Pitchers and catchers are set to report to Port Charlotte on February 19th, the start of what feels like the agonizingly long six weeks of spring training. Each spring presents the opportunity for a new crop of spring training invitees -- prospects, career minor leaguers, or former big leaguers -- to catch fire and win a coveted roster spot.
For prospects, this is their big chance to display their talents before major league coaches who would otherwise know them only through videos and scouting reports. Some less heralded minor leaguers are just hoping to show enough skill to warrant a roster spot somewhere in the upper levels, from where they may get an injury call up. Established major leaguers are just hoping to prove they still have what it takes to compete at the top level.
So, here are the pitchers the Rays have given an invite to spring training.
The former Milwaukee top ten prospect, has journeyed around affiliate ball since 2005 having played with ten different organizations, and Tampa Bay will be his 11th. Eveland managed to pitch in 10 games last season with the Braves and pretty much served as a LOOGY. You can read much more on hij, here, in
Five years in his professional career, Gamboa was struggling to establish himself as a legitimate prospect. So, he decided to introduce a knuckleball to his repertoire. The results didn't change that much, but the Orioles liked him enough to add him to the 40 man roster and actually promoted him to the majors in 2015, before sending him back down before making a single appearance. He would be non-tendered following the season, allowing the Rays to pick him up.
The first Rays draftee represented, Garton was selected in the 34th round of the 2012 draft and has quietly worked his way up the ladder. He will likely start the season with Triple-A as he has progressed one level for each year he's been in the system. A reliever throughout his career, Garton stymied opposing hitters, holding them to a .211 average. With the current weak bullpen, Garton has only an outside chance of making the Opening Day roster.

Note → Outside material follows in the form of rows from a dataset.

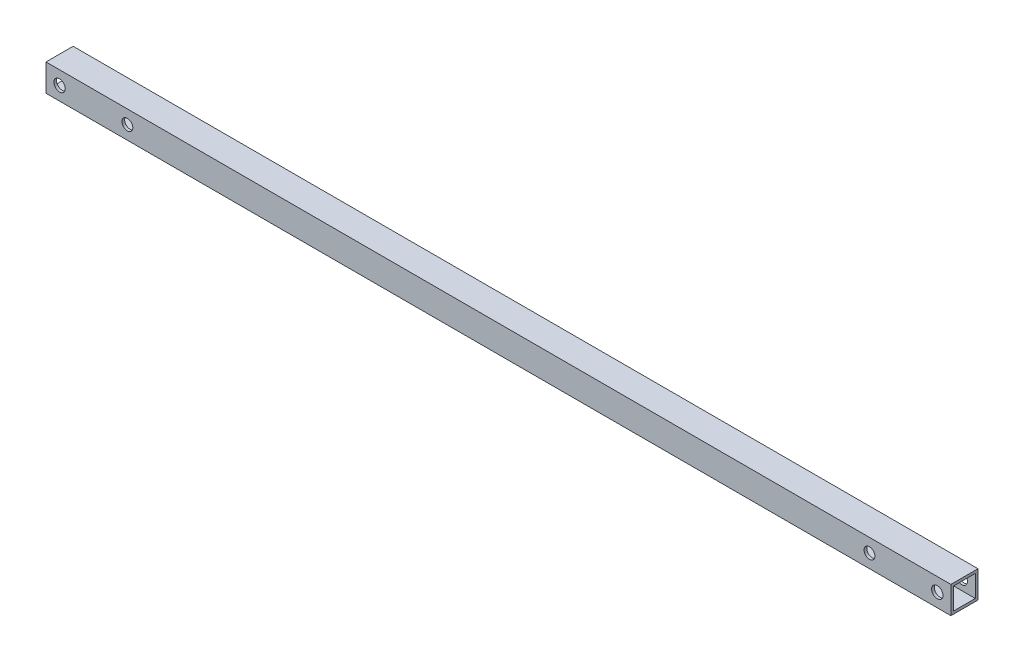
ISO-10303-21;
HEADER;
FILE_DESCRIPTION(('STEP AP214'),'2;1');
FILE_NAME('part.step','',(''),(''),'','','');
FILE_SCHEMA(('AUTOMOTIVE_DESIGN { 1 0 10303 214 1 1 1 1 }'));
ENDSEC;
DATA;
#1=APPLICATION_CONTEXT('core data for automotive mechanical design processes');
#2=APPLICATION_PROTOCOL_DEFINITION('international standard','automotive_design',2000,#1);
#3=PRODUCT_CONTEXT('',#1,'mechanical');
#4=PRODUCT('Part','Part','',(#3));
#5=PRODUCT_RELATED_PRODUCT_CATEGORY('part','',(#4));
#6=PRODUCT_DEFINITION_FORMATION('','',#4);
#7=PRODUCT_DEFINITION_CONTEXT('part definition',#1,'design');
#8=PRODUCT_DEFINITION('design','',#6,#7);
#9=PRODUCT_DEFINITION_SHAPE('','',#8);
#10=(LENGTH_UNIT() NAMED_UNIT(*) SI_UNIT(.MILLI.,.METRE.));
#11=(NAMED_UNIT(*) PLANE_ANGLE_UNIT() SI_UNIT($,.RADIAN.));
#12=(NAMED_UNIT(*) SI_UNIT($,.STERADIAN.) SOLID_ANGLE_UNIT());
#13=UNCERTAINTY_MEASURE_WITH_UNIT(LENGTH_MEASURE(1.E-05),#10,'distance_accuracy_value','');
#14=(GEOMETRIC_REPRESENTATION_CONTEXT(3) GLOBAL_UNCERTAINTY_ASSIGNED_CONTEXT((#13)) GLOBAL_UNIT_ASSIGNED_CONTEXT((#10,
#11,#12)) REPRESENTATION_CONTEXT('',''));
#15=CARTESIAN_POINT('',(0.,0.,0.));
#16=DIRECTION('',(0.,0.,1.));
#17=DIRECTION('',(1.,0.,0.));
#18=AXIS2_PLACEMENT_3D('',#15,#16,#17);
#19=CARTESIAN_POINT('',(333.544819151845,0.,0.));
#20=DIRECTION('',(1.,0.,0.));
#21=DIRECTION('',(0.,0.,-1.));
#22=AXIS2_PLACEMENT_3D('',#19,#20,#21);
#23=PLANE('',#22);
#24=DIRECTION('',(0.,0.,-1.));
#25=VECTOR('',#24,1.);
#26=CARTESIAN_POINT('',(333.544819151845,-5.,-5.));
#27=LINE('',#26,#25);
#28=CARTESIAN_POINT('',(333.544819151845,-5.,5.));
#29=VERTEX_POINT('',#28);
#30=CARTESIAN_POINT('',(333.544819151845,-5.,-5.));
#31=VERTEX_POINT('',#30);
#32=EDGE_CURVE('E181',#29,#31,#27,.T.);
#33=ORIENTED_EDGE('',*,*,#32,.T.);
#34=DIRECTION('',(0.,1.,0.));
#35=VECTOR('',#34,1.);
#36=CARTESIAN_POINT('',(333.544819151845,5.,-5.));
#37=LINE('',#36,#35);
#38=CARTESIAN_POINT('',(333.544819151845,5.,-5.));
#39=VERTEX_POINT('',#38);
#40=EDGE_CURVE('E185',#31,#39,#37,.T.);
#41=ORIENTED_EDGE('',*,*,#40,.T.);
#42=DIRECTION('',(0.,0.,1.));
#43=VECTOR('',#42,1.);
#44=CARTESIAN_POINT('',(333.544819151845,5.,-5.));
#45=LINE('',#44,#43);
#46=CARTESIAN_POINT('',(333.544819151845,5.,5.));
#47=VERTEX_POINT('',#46);
#48=EDGE_CURVE('E189',#39,#47,#45,.T.);
#49=ORIENTED_EDGE('',*,*,#48,.T.);
#50=DIRECTION('',(0.,-1.,0.));
#51=VECTOR('',#50,1.);
#52=CARTESIAN_POINT('',(333.544819151845,5.,5.));
#53=LINE('',#52,#51);
#54=EDGE_CURVE('E192',#47,#29,#53,.T.);
#55=ORIENTED_EDGE('',*,*,#54,.T.);
#56=EDGE_LOOP('',(#33,#41,#49,#55));
#57=FACE_BOUND('',#56,.T.);
#58=DIRECTION('',(0.,1.,0.));
#59=VECTOR('',#58,1.);
#60=CARTESIAN_POINT('',(333.544819151845,5.,-4.));
#61=LINE('',#60,#59);
#62=CARTESIAN_POINT('',(333.544819151845,-4.,-4.));
#63=VERTEX_POINT('',#62);
#64=CARTESIAN_POINT('',(333.544819151845,4.,-4.));
#65=VERTEX_POINT('',#64);
#66=EDGE_CURVE('E140',#63,#65,#61,.T.);
#67=ORIENTED_EDGE('',*,*,#66,.F.);
#68=DIRECTION('',(0.,0.,-1.));
#69=VECTOR('',#68,1.);
#70=CARTESIAN_POINT('',(333.544819151845,-4.,-5.));
#71=LINE('',#70,#69);
#72=CARTESIAN_POINT('',(333.544819151845,-4.,4.));
#73=VERTEX_POINT('',#72);
#74=EDGE_CURVE('E131',#73,#63,#71,.T.);
#75=ORIENTED_EDGE('',*,*,#74,.F.);
#76=DIRECTION('',(0.,-1.,0.));
#77=VECTOR('',#76,1.);
#78=CARTESIAN_POINT('',(333.544819151845,5.,4.));
#79=LINE('',#78,#77);
#80=CARTESIAN_POINT('',(333.544819151845,4.,4.));
#81=VERTEX_POINT('',#80);
#82=EDGE_CURVE('E157',#81,#73,#79,.T.);
#83=ORIENTED_EDGE('',*,*,#82,.F.);
#84=DIRECTION('',(0.,0.,1.));
#85=VECTOR('',#84,1.);
#86=CARTESIAN_POINT('',(333.544819151845,4.,-5.));
#87=LINE('',#86,#85);
#88=EDGE_CURVE('E153',#65,#81,#87,.T.);
#89=ORIENTED_EDGE('',*,*,#88,.F.);
#90=EDGE_LOOP('',(#67,#75,#83,#89));
#91=FACE_BOUND('',#90,.T.);
#92=ADVANCED_FACE('F63',(#57,#91),#23,.T.);
#93=CARTESIAN_POINT('',(0.,0.,0.));
#94=DIRECTION('',(1.,0.,0.));
#95=DIRECTION('',(0.,0.,-1.));
#96=AXIS2_PLACEMENT_3D('',#93,#94,#95);
#97=PLANE('',#96);
#98=DIRECTION('',(0.,0.,-1.));
#99=VECTOR('',#98,1.);
#100=CARTESIAN_POINT('',(0.,-5.,-5.));
#101=LINE('',#100,#99);
#102=CARTESIAN_POINT('',(0.,-5.,5.));
#103=VERTEX_POINT('',#102);
#104=CARTESIAN_POINT('',(0.,-5.,-5.));
#105=VERTEX_POINT('',#104);
#106=EDGE_CURVE('E149',#103,#105,#101,.T.);
#107=ORIENTED_EDGE('',*,*,#106,.F.);
#108=DIRECTION('',(0.,-1.,0.));
#109=VECTOR('',#108,1.);
#110=CARTESIAN_POINT('',(0.,5.,5.));
#111=LINE('',#110,#109);
#112=CARTESIAN_POINT('',(0.,5.,5.));
#113=VERTEX_POINT('',#112);
#114=EDGE_CURVE('E186',#113,#103,#111,.T.);
#115=ORIENTED_EDGE('',*,*,#114,.F.);
#116=DIRECTION('',(0.,0.,1.));
#117=VECTOR('',#116,1.);
#118=CARTESIAN_POINT('',(0.,5.,-5.));
#119=LINE('',#118,#117);
#120=CARTESIAN_POINT('',(0.,5.,-5.));
#121=VERTEX_POINT('',#120);
#122=EDGE_CURVE('E202',#121,#113,#119,.T.);
#123=ORIENTED_EDGE('',*,*,#122,.F.);
#124=DIRECTION('',(0.,1.,0.));
#125=VECTOR('',#124,1.);
#126=CARTESIAN_POINT('',(0.,5.,-5.));
#127=LINE('',#126,#125);
#128=EDGE_CURVE('E199',#105,#121,#127,.T.);
#129=ORIENTED_EDGE('',*,*,#128,.F.);
#130=EDGE_LOOP('',(#107,#115,#123,#129));
#131=FACE_BOUND('',#130,.T.);
#132=DIRECTION('',(0.,0.,-1.));
#133=VECTOR('',#132,1.);
#134=CARTESIAN_POINT('',(0.,-4.,-5.));
#135=LINE('',#134,#133);
#136=CARTESIAN_POINT('',(0.,-4.,4.));
#137=VERTEX_POINT('',#136);
#138=CARTESIAN_POINT('',(0.,-4.,-4.));
#139=VERTEX_POINT('',#138);
#140=EDGE_CURVE('E89',#137,#139,#135,.T.);
#141=ORIENTED_EDGE('',*,*,#140,.T.);
#142=DIRECTION('',(0.,1.,0.));
#143=VECTOR('',#142,1.);
#144=CARTESIAN_POINT('',(0.,5.,-4.));
#145=LINE('',#144,#143);
#146=CARTESIAN_POINT('',(0.,4.,-4.));
#147=VERTEX_POINT('',#146);
#148=EDGE_CURVE('E147',#139,#147,#145,.T.);
#149=ORIENTED_EDGE('',*,*,#148,.T.);
#150=DIRECTION('',(0.,0.,1.));
#151=VECTOR('',#150,1.);
#152=CARTESIAN_POINT('',(0.,4.,-5.));
#153=LINE('',#152,#151);
#154=CARTESIAN_POINT('',(0.,4.,4.));
#155=VERTEX_POINT('',#154);
#156=EDGE_CURVE('E168',#147,#155,#153,.T.);
#157=ORIENTED_EDGE('',*,*,#156,.T.);
#158=DIRECTION('',(0.,-1.,0.));
#159=VECTOR('',#158,1.);
#160=CARTESIAN_POINT('',(0.,5.,4.));
#161=LINE('',#160,#159);
#162=EDGE_CURVE('E141',#155,#137,#161,.T.);
#163=ORIENTED_EDGE('',*,*,#162,.T.);
#164=EDGE_LOOP('',(#141,#149,#157,#163));
#165=FACE_BOUND('',#164,.T.);
#166=ADVANCED_FACE('F266',(#131,#165),#97,.F.);
#167=CARTESIAN_POINT('',(333.544819151845,-5.,-5.));
#168=DIRECTION('',(0.,1.,0.));
#169=DIRECTION('',(0.,0.,1.));
#170=AXIS2_PLACEMENT_3D('',#167,#168,#169);
#171=PLANE('',#170);
#172=ORIENTED_EDGE('',*,*,#106,.T.);
#173=DIRECTION('',(-1.,0.,0.));
#174=VECTOR('',#173,1.);
#175=CARTESIAN_POINT('',(333.544819151845,-5.,-5.));
#176=LINE('',#175,#174);
#177=EDGE_CURVE('E12',#31,#105,#176,.T.);
#178=ORIENTED_EDGE('',*,*,#177,.F.);
#179=ORIENTED_EDGE('',*,*,#32,.F.);
#180=DIRECTION('',(-1.,0.,0.));
#181=VECTOR('',#180,1.);
#182=CARTESIAN_POINT('',(333.544819151845,-5.,5.));
#183=LINE('',#182,#181);
#184=EDGE_CURVE('E195',#29,#103,#183,.T.);
#185=ORIENTED_EDGE('',*,*,#184,.T.);
#186=EDGE_LOOP('',(#172,#178,#179,#185));
#187=FACE_BOUND('',#186,.T.);
#188=ADVANCED_FACE('F65',(#187),#171,.F.);
#189=CARTESIAN_POINT('',(333.544819151845,5.,-5.));
#190=DIRECTION('',(0.,0.,1.));
#191=DIRECTION('',(1.,0.,0.));
#192=AXIS2_PLACEMENT_3D('',#189,#190,#191);
#193=PLANE('',#192);
#194=CARTESIAN_POINT('',(5.,0.,-5.));
#195=DIRECTION('',(0.,0.,1.));
#196=DIRECTION('',(1.,0.,0.));
#197=AXIS2_PLACEMENT_3D('',#194,#195,#196);
#198=CIRCLE('',#197,2.1);
#199=CARTESIAN_POINT('',(7.1,0.,-5.));
#200=VERTEX_POINT('',#199);
#201=EDGE_CURVE('E222',#200,#200,#198,.T.);
#202=ORIENTED_EDGE('',*,*,#201,.T.);
#203=EDGE_LOOP('',(#202));
#204=FACE_BOUND('',#203,.T.);
#205=CARTESIAN_POINT('',(303.544819151845,0.,-5.));
#206=DIRECTION('',(0.,0.,1.));
#207=DIRECTION('',(-1.,0.,0.));
#208=AXIS2_PLACEMENT_3D('',#205,#206,#207);
#209=CIRCLE('',#208,2.00000000000005);
#210=CARTESIAN_POINT('',(301.544819151845,0.,-5.));
#211=VERTEX_POINT('',#210);
#212=EDGE_CURVE('E305',#211,#211,#209,.T.);
#213=ORIENTED_EDGE('',*,*,#212,.T.);
#214=EDGE_LOOP('',(#213));
#215=FACE_BOUND('',#214,.T.);
#216=CARTESIAN_POINT('',(30.,0.,-5.));
#217=DIRECTION('',(0.,0.,1.));
#218=DIRECTION('',(1.,0.,0.));
#219=AXIS2_PLACEMENT_3D('',#216,#217,#218);
#220=CIRCLE('',#219,2.00000000000001);
#221=CARTESIAN_POINT('',(32.,0.,-5.));
#222=VERTEX_POINT('',#221);
#223=EDGE_CURVE('E309',#222,#222,#220,.T.);
#224=ORIENTED_EDGE('',*,*,#223,.T.);
#225=EDGE_LOOP('',(#224));
#226=FACE_BOUND('',#225,.T.);
#227=CARTESIAN_POINT('',(328.544819151845,0.,-5.));
#228=DIRECTION('',(0.,0.,1.));
#229=DIRECTION('',(-1.,0.,0.));
#230=AXIS2_PLACEMENT_3D('',#227,#228,#229);
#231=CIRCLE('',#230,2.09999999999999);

In 2016, Marinez will be spending his second consecutive year in the Rays organization with the hopes of pitching in the majors for just the third time in his career (and the first time since 2012.) A former top prospect and Futures' game participant, Marinez has struggled the past few years. He put together the best season on his career in 2015 and he'll hope to build off that this coming year.
A 39th round pick in the 2010 draft, Markel is on the cusp of reaching the majors, having finished the 2015 season with the Durham Bulls. After splitting time between starting and relieving, it seems that Markel now has a fixed spot in the bullpen. He saw his best year in 2012 when Baseball America rated his change-up the best in the system, and ranked him 25th overall in the organization. However, he has struggled since then. If he's able to turn it around, we may see Markel gracing the mound for the Rays at some point in 2016.
A former third round pick in 2009, Marks had a mediocre start to his professional career but he was able to work his way up and reach the majors (pitched in just one game) in 2014 with the Royals. Marks spent the 2015 season in the Arizona organization, but never reached the big league team.
Once a top six prospect in the Pirates system, McPherson's career was derailed by Tommy John Surgery in 2013. The Rays picked him up the following off-season and he spent the 2015 season rehabbing between three different levels, spending the most time with Double-A Montgomery. He has ten games of successful major league experience under his belt, pitching solidly in 2012 for Pittsburgh.
He spent the 2015 season playing in Mexico after playing 2010 to 2014 in Triple-A. He has never made the jump to the majors. He displayed excellent numbers while in Mexico, but we'll have to wait and see if that will translate back in the states.
Acquired last off-season for Cesar Ramos, Sappington is likely heading for Durham once the season starts as he has spent the past three seasons pitching in Double-A. He was twice a top ten prospect in the Angels organization, but following his transition to the pen, his value plummeted. However like the others above, if he puts on a nice display and impresses the coaches, he could find himself pitching at the Trop soon enough.
Drafted by the Rays in the 14th round of the 2013 draft, Schultz is quickly become one of the best, under-the-radar prospects in baseball as pitched well as a started at each level as he has progressed up the latter. After a strong performance with Montgomery in 2015, Schultz is set to join a rotation in Durham that will feature Blake Snell and Taylor Guerreri, but may be quick to establish himself.
A former left-hander flame thrower for the Braves, Venters career has been ravaged by injuries as he has gone under the knife three times. He hasn't pitched a single inning since the 2012 season, but previously he has really been tough on lefties, maintaining a 38.0% strikeout rate against them. If he is miraculously able to return to form, he'd bring a very nice addition to the Rays bullpen.
A minor league journeyman, Wagner has made several stops in the majors with various clubs. But, he, like a few others on this list, would have to undergo Tommy John surgery, missing the 2015 season. The Rays are taking a flier on him and giving him a chance to turn some heads in spring training.
A finesse pitcher, Wilk used to be one of the better pitching prospects in the Tigers system, having the best control from 2010 to 2012. He has made the jump to the majors a couple of different times with generally poor results. He'll more than likely be starting rotation depth for the Bulls this upcoming year, but there's always the possibility he could be needed at some point for the Rays.